Being at the bedside of one who is dying is both incredibly sad yet oddly comforting.  It is a gift that we give to one another.  We speak in hushed tones, we give each other hugs, we offer Kleenex to wipe away the tears and we tell stories as we watch and wait for our loved one to take her last breath, the very last task that she will do upon this earth.  If you are brave enough to witness that moment you will know that all of life is contained in that very last breath which is exhaled out.
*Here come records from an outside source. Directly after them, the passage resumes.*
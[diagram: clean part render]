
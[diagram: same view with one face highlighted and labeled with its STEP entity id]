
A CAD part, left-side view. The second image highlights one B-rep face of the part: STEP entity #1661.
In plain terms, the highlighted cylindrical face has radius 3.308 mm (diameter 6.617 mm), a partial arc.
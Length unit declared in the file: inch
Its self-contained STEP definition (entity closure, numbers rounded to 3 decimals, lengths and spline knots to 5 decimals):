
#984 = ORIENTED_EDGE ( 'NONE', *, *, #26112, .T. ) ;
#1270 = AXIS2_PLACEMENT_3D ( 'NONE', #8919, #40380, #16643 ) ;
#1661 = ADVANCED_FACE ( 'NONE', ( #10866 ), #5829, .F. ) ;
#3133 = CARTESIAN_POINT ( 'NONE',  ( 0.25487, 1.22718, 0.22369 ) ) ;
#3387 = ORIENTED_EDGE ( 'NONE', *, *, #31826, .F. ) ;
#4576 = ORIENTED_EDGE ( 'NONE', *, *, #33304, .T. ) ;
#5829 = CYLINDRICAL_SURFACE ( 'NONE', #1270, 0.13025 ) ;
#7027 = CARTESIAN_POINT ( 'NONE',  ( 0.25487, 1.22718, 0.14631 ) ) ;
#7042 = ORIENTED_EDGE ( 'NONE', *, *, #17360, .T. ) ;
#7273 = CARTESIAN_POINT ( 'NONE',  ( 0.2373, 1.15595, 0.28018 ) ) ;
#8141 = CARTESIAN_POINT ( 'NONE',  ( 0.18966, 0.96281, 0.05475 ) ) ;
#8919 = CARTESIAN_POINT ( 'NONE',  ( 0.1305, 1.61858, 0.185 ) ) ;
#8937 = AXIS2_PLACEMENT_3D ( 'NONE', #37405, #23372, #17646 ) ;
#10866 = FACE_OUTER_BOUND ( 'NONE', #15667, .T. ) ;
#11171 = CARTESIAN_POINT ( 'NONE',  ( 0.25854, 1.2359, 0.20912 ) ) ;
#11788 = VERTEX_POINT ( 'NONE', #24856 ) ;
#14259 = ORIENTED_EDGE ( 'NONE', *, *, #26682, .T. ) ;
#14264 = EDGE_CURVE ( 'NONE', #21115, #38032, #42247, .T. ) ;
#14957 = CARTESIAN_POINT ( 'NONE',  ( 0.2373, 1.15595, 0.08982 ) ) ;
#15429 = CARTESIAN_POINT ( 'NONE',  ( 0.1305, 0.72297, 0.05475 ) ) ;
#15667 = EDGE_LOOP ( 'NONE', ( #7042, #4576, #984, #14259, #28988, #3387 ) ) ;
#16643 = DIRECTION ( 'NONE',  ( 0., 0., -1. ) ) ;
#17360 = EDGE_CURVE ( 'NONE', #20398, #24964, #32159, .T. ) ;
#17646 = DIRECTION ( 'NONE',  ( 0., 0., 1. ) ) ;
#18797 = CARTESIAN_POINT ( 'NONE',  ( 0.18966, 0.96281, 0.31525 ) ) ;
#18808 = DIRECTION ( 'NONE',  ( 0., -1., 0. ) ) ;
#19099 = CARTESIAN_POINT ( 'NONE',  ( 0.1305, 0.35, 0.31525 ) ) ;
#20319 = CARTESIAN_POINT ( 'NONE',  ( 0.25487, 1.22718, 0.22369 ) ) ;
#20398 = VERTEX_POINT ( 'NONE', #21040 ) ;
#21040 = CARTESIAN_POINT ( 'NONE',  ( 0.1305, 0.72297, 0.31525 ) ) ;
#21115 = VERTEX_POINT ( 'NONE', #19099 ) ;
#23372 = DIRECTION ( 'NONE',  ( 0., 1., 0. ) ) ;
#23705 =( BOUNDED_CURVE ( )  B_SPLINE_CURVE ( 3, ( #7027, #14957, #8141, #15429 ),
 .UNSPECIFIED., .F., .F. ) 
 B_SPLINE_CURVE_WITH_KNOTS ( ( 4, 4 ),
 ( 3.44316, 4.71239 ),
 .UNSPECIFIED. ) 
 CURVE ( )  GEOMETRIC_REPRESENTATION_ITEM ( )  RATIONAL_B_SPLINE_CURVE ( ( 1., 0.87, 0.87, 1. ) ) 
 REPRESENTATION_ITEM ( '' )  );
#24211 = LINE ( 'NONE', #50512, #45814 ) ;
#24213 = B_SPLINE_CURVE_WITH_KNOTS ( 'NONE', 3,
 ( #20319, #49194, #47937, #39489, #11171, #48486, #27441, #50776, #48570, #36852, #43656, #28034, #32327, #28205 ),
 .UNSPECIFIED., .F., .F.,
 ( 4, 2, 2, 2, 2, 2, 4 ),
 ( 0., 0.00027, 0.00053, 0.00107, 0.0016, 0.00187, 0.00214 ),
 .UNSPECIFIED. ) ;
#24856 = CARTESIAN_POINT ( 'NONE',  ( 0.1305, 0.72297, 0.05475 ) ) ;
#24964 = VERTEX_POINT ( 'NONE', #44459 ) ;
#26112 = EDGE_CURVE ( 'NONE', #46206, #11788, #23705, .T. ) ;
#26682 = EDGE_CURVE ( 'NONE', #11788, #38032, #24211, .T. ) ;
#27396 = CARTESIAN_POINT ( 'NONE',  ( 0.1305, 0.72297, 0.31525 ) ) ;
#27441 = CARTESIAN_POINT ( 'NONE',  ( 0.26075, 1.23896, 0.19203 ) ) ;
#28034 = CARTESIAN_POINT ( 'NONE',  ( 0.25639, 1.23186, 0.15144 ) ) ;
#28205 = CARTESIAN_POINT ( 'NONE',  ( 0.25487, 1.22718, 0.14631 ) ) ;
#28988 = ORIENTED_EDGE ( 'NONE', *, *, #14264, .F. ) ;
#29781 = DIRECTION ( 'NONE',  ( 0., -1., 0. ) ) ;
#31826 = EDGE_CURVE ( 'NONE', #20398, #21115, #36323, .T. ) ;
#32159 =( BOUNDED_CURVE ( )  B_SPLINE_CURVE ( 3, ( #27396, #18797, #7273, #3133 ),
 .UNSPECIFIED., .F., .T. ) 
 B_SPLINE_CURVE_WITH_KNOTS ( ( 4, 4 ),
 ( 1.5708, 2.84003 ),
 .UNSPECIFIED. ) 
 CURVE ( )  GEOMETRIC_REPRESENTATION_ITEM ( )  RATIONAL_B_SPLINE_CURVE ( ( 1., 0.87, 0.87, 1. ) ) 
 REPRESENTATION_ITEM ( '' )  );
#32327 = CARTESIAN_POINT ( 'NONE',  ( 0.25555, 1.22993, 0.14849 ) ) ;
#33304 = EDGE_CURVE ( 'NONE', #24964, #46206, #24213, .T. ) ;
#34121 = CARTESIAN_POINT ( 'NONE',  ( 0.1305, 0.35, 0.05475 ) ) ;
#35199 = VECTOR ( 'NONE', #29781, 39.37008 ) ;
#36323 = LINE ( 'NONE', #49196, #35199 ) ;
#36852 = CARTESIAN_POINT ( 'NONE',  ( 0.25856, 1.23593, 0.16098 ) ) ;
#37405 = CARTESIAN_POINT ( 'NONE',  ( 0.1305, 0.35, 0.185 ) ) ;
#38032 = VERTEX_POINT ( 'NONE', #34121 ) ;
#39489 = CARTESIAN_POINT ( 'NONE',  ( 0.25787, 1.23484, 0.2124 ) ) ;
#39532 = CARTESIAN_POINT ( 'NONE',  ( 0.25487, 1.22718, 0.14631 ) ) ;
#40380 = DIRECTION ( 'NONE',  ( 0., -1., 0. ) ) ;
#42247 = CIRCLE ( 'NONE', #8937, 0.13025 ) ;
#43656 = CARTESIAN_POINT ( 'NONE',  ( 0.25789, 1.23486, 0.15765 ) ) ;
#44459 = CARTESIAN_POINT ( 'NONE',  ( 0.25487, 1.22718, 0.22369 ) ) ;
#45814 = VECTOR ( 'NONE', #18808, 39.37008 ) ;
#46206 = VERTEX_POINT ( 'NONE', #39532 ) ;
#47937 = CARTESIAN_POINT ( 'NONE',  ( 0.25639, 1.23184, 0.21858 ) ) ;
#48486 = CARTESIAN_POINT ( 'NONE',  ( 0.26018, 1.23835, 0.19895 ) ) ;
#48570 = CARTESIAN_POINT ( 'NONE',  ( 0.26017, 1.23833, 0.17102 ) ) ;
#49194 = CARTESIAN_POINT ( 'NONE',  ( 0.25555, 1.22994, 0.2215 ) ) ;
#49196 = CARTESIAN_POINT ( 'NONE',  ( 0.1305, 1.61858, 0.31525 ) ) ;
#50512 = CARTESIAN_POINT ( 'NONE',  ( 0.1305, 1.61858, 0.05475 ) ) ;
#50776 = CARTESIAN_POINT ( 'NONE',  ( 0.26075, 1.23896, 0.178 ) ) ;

That upon that last exhalation all of who we are, our accomplishments, our disappointments, our very being is let out as we succumb to this life and our souls ascend into the presence of God. 
 
This week has been at the very least, troublesome with the attacks in Brussels.  How far will they go?  How close will they get?  How much can we take?  I feel as if each time another radicalized suicide bomber detonates, or another bomb explodes that I fall further into an abyss of fear and anger.   Fear that it could happen anywhere at any time, to me, to one of my loved ones, and anger that I feel so helpless to prevent it.  I preach love and all that I see is hate.  And the sadness is overwhelming. 
  
Yet tonight, in all of its somber tones and darkened shades lies our hope.

All of the pain and suffering of the world is acknowledged in Jesus’ pain and suffering. He bears the weight of the world’s anger, hatred, violence and greed.    All of your pain and suffering is acknowledged in Jesus’ pain and suffering tonight.  Whatever it is that you brought with you tonight to the cross you can lay it down.
We hurt, we cry out, we suffer and experience deep sorrow, we sin, we err, we go astray, we break covenant.  We are products of our human nature and all of that we can project onto the cross of Jesus.

So when Jesus utters “it is finished” and breathes his last breath, we can say, “it is all that we can bear Lord, thank you!” Jesus’ death reminds us that the marks of humanity are bearable, the sin, the sadness, the sorrow, the suffering are bearable and that we will be able to stand at the cross with strength and with courage and faith, forgiveness and hope. This is what his death means for us.  In the ancient words of the Indian poet Tagore, “Death is not extinguishing the light, but putting out the lamp because the dawn has come.”

So cast your gaze intently upon the cross.  Pour your heart out upon this cross tonight and know that you are in the company of the Mary’s and the beloved disciple and everyone else who has faithfully stood at the cross of Jesus and waited, and watched and tried to remember the face of God and how to kneel and how to pray.

Come now.  The Sabbath is rapidly approaching; Joseph of Arimathea and Nicodemus are preparing his body for burial now.  Perhaps we can be of some help.

Amen.


[i] Weems, Ann.  ‘No Dances’ in ‘Kneeling in Jerusalem’.  1993, p. 86.